**What to produce**:
With the pictures set aside, return the lines below exactly, beginning at the first and ending at the line containing "layer by layer".

**Stored items**:
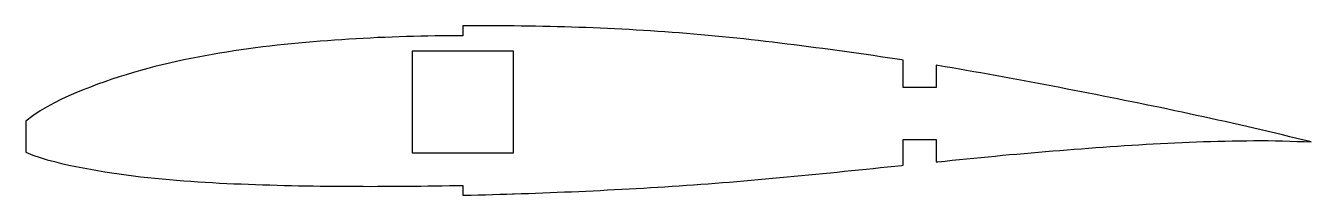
# Model space of a CAD drawing. Header units: millimetres. Extents: x 10 to 269, y 12 to 46.
import ezdxf

# ---------------------------------------------------------------- set-up
doc = ezdxf.new("R2010")
doc.units = ezdxf.units.MM

msp = doc.modelspace()

# ---------------------------------------------------------------- linework, layer by layer
for points in [[(268.74, 22.74), (267.29, 23.09), (265.84, 23.44), (264.4, 23.79), (262.95, 24.14), (261.51, 24.49), (260.06, 24.84), (258.62, 25.18), (257.17, 25.51), (255.73, 25.84), (254.28, 26.17), (252.84, 26.49), (251.39, 26.82), (249.94, 27.14), (248.5, 27.45), (247.05, 27.77), (245.61, 28.08), (244.16, 28.4), (242.72, 28.71), (241.27, 29.02), (239.83, 29.32), (238.38, 29.63), (236.94, 29.93), (235.49, 30.22), (234.04, 30.52), (232.6, 30.81), (231.15, 31.1), (229.71, 31.39), (228.26, 31.68), (226.82, 31.97), (225.37, 32.26), (223.93, 32.54), (222.48, 32.82), (221.04, 33.1), (219.59, 33.38), (218.14, 33.66), (216.7, 33.94), (215.25, 34.21), (213.81, 34.48), (212.36, 34.76), (210.92, 35.03), (209.47, 35.29), (208.03, 35.56), (206.58, 35.82), (205.14, 36.08), (203.69, 36.34), (202.24, 36.6), (200.8, 36.86), (199.35, 37.11), (197.91, 37.36), (196.46, 37.61), (195.02, 37.85), (193.57, 38.09), (193.24, 38.15), (193.24, 33.67), (186.59, 33.67), (186.59, 39.2), (186.34, 39.24), (184.9, 39.45), (183.45, 39.67), (182.01, 39.88), (180.56, 40.09), (179.12, 40.3), (177.67, 40.5), (176.23, 40.71), (174.78, 40.91), (173.34, 41.1), (171.89, 41.3), (170.44, 41.5), (169, 41.69), (167.55, 41.88), (166.11, 42.06), (164.66, 42.25), (163.22, 42.43), (161.77, 42.61), (160.33, 42.79), (158.88, 42.96), (157.44, 43.12), (155.99, 43.29), (154.54, 43.45), (153.1, 43.6), (151.65, 43.75), (150.21, 43.89), (148.76, 44.03), (147.32, 44.17), (145.87, 44.3), (144.43, 44.42), (142.98, 44.54), (141.54, 44.65), (140.09, 44.76), (138.64, 44.87), (137.2, 44.97), (135.75, 45.06), (134.31, 45.16), (132.86, 45.24), (131.42, 45.33), (129.97, 45.4), (128.53, 45.48), (127.08, 45.55), (125.64, 45.61), (124.19, 45.67), (122.74, 45.73), (121.3, 45.78), (119.85, 45.83), (118.41, 45.87), (116.96, 45.91), (115.52, 45.94), (114.07, 45.98), (112.63, 46), (111.18, 46.03), (109.74, 46.05), (108.29, 46.07), (107.96, 46.07), (106.85, 46.08), (105.4, 46.09), (103.95, 46.1), (102.51, 46.11), (101.06, 46.11), (99.62, 46.11), (98.17, 46.1), (97.96, 46.1), (97.96, 44.1), (96.73, 44.09), (95.28, 44.08), (93.84, 44.07), (92.39, 44.05), (90.95, 44.02), (89.5, 43.99), (88.05, 43.96), (87.96, 43.95), (86.61, 43.92), (85.16, 43.87), (83.72, 43.82), (82.27, 43.77), (80.83, 43.71), (79.38, 43.64), (77.94, 43.56), (76.49, 43.48), (75.05, 43.39), (73.6, 43.3), (72.15, 43.2), (70.71, 43.1), (69.26, 42.99), (67.82, 42.87), (66.37, 42.75), (64.93, 42.61), (63.48, 42.47), (62.04, 42.33), (60.59, 42.17), (59.15, 42.01), (57.7, 41.84), (56.25, 41.66), (54.81, 41.46), (53.36, 41.26), (51.92, 41.05), (50.47, 40.82), (49.03, 40.59), (47.58, 40.34), (46.14, 40.08), (44.69, 39.81), (43.25, 39.53), (41.8, 39.23), (40.35, 38.91), (38.91, 38.58), (37.46, 38.23), (36.02, 37.88), (34.57, 37.5), (33.13, 37.1), (31.68, 36.69), (30.24, 36.26), (28.79, 35.81), (27.35, 35.34), (25.9, 34.84), (24.45, 34.33), (23.01, 33.78), (21.56, 33.22), (20.12, 32.62), (18.67, 31.98), (17.23, 31.31), (15.78, 30.59), (14.34, 29.81), (12.89, 28.96), (11.45, 28.01), (10, 26.92), (10, 20.68), (11.45, 20.09), (12.89, 19.6), (14.34, 19.16), (15.78, 18.78), (17.23, 18.42), (18.67, 18.08), (20.12, 17.77), (21.56, 17.49), (23.01, 17.22), (24.45, 16.96), (25.9, 16.72), (27.35, 16.5), (28.79, 16.29), (30.24, 16.09), (31.68, 15.91), (33.13, 15.74), (34.57, 15.57), (36.02, 15.42), (37.46, 15.28), (38.91, 15.15), (40.35, 15.03), (41.8, 14.92), (43.25, 14.81), (44.69, 14.71), (46.14, 14.62), (47.58, 14.54), (49.03, 14.46), (50.47, 14.39), (51.92, 14.33), (53.36, 14.27), (54.81, 14.21), (56.25, 14.16), (57.7, 14.12), (59.15, 14.07), (60.59, 14.03), (62.04, 14), (63.48, 13.96), (64.93, 13.93), (66.37, 13.91), (67.82, 13.88), (69.26, 13.86), (70.71, 13.84), (72.15, 13.83), (73.6, 13.82), (75.05, 13.81), (76.49, 13.8), (77.94, 13.8), (79.38, 13.79), (80.83, 13.8), (82.27, 13.8), (83.72, 13.81), (85.16, 13.81), (86.61, 13.82), (87.96, 13.84), (88.05, 13.84), (89.5, 13.85), (90.95, 13.87), (92.39, 13.89), (93.84, 13.92), (95.28, 13.94), (96.73, 13.97), (97.96, 14), (97.96, 12), (98.17, 12), (99.62, 12.04), (101.06, 12.07), (102.51, 12.11), (103.95, 12.15), (105.4, 12.19), (106.85, 12.24), (107.96, 12.27), (108.29, 12.28), (109.74, 12.33), (111.18, 12.38), (112.63, 12.44), (114.07, 12.49), (115.52, 12.55), (116.96, 12.6), (118.41, 12.66), (119.85, 12.72), (121.3, 12.79), (122.74, 12.85), (124.19, 12.92), (125.64, 12.99), (127.08, 13.07), (128.53, 13.14), (129.97, 13.22), (131.42, 13.3), (132.86, 13.38), (134.31, 13.46), (135.75, 13.55), (137.2, 13.64), (138.64, 13.73), (140.09, 13.82), (141.54, 13.92), (142.98, 14.01), (144.43, 14.11), (145.87, 14.21), (147.32, 14.32), (148.76, 14.43), (150.21, 14.54), (151.65, 14.66), (153.1, 14.78), (154.54, 14.9), (155.99, 15.02), (157.44, 15.15), (158.88, 15.28), (160.33, 15.42), (161.77, 15.55), (163.22, 15.69), (164.66, 15.83), (166.11, 15.96), (167.55, 16.1), (169, 16.25), (170.44, 16.39), (171.89, 16.53), (173.34, 16.68), (174.78, 16.82), (176.23, 16.96), (177.67, 17.11), (179.12, 17.26), (180.56, 17.41), (182.01, 17.56), (183.45, 17.7), (184.9, 17.85), (186.34, 18), (186.59, 18.03), (186.59, 23.19), (193.24, 23.19), (193.24, 18.71), (193.57, 18.74), (195.02, 18.89), (196.46, 19.04), (197.91, 19.19), (199.35, 19.34), (200.8, 19.48), (202.24, 19.62), (203.69, 19.76), (205.14, 19.9), (206.58, 20.04), (208.03, 20.17), (209.47, 20.3), (210.92, 20.42), (212.36, 20.55), (213.81, 20.67), (215.25, 20.79), (216.7, 20.91), (218.14, 21.03), (219.59, 21.15), (221.04, 21.26), (222.48, 21.37), (223.93, 21.48), (225.37, 21.59), (226.82, 21.69), (228.26, 21.79), (229.71, 21.89), (231.15, 21.99), (232.6, 22.08), (234.04, 22.17), (235.49, 22.25), (236.94, 22.33), (238.38, 22.41), (239.83, 22.49), (241.27, 22.56), (242.72, 22.62), (244.16, 22.69), (245.61, 22.74), (247.05, 22.79), (248.5, 22.83), (249.94, 22.87), (251.39, 22.9), (252.84, 22.93), (254.28, 22.96), (255.73, 22.97), (257.17, 22.99), (258.62, 23), (260.06, 23), (261.51, 22.98), (262.95, 22.96), (264.4, 22.91), (265.84, 22.85), (267.29, 22.79)], [(87.76, 20.56), (108.16, 20.56), (108.16, 40.96), (87.76, 40.96)]]:
    msp.add_lwpolyline(points, close=True)

doc.saveas('drawing.dxf')
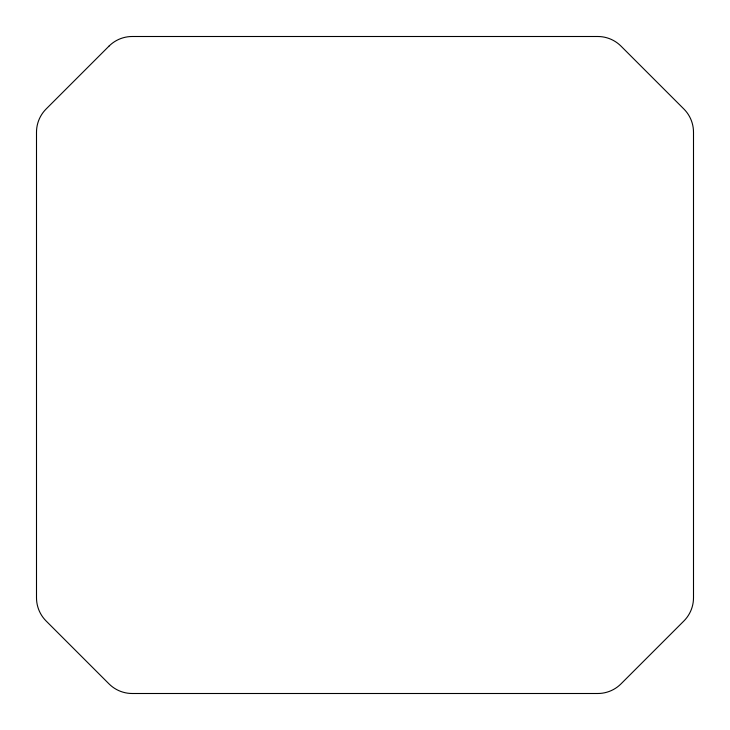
<?xml version="1.0" encoding="UTF-8"?>
<svg xmlns="http://www.w3.org/2000/svg" width="730" height="730" viewBox="0 0 730 730"><rect width="100%" height="100%" fill="white"/><g stroke="black" fill="none" stroke-linecap="round" stroke-linejoin="round"><path stroke-width="1.09" d="M109.007 46.118L46.118 109.007A32.85 32.85 0 0 0 36.5 132.23L36.5 597.77A32.85 32.85 0 0 0 46.118 620.993L109.007 683.882A32.85 32.85 0 0 0 132.23 693.5L597.77 693.5A32.85 32.85 0 0 0 620.993 683.882L683.882 620.993A32.85 32.85 0 0 0 693.5 597.77L693.5 132.23A32.85 32.85 0 0 0 683.882 109.007L620.993 46.118A32.85 32.85 0 0 0 597.77 36.5L132.23 36.5A32.85 32.85 0 0 0 109.007 46.118"/></g></svg>

**Output for this exercise**:
# Model space of a CAD drawing. Header units: millimetres. Extents: x 10 to 269, y 12 to 46.
import ezdxf

# ---------------------------------------------------------------- set-up
doc = ezdxf.new("R2010")
doc.units = ezdxf.units.MM

msp = doc.modelspace()

# ---------------------------------------------------------------- linework, layer by layer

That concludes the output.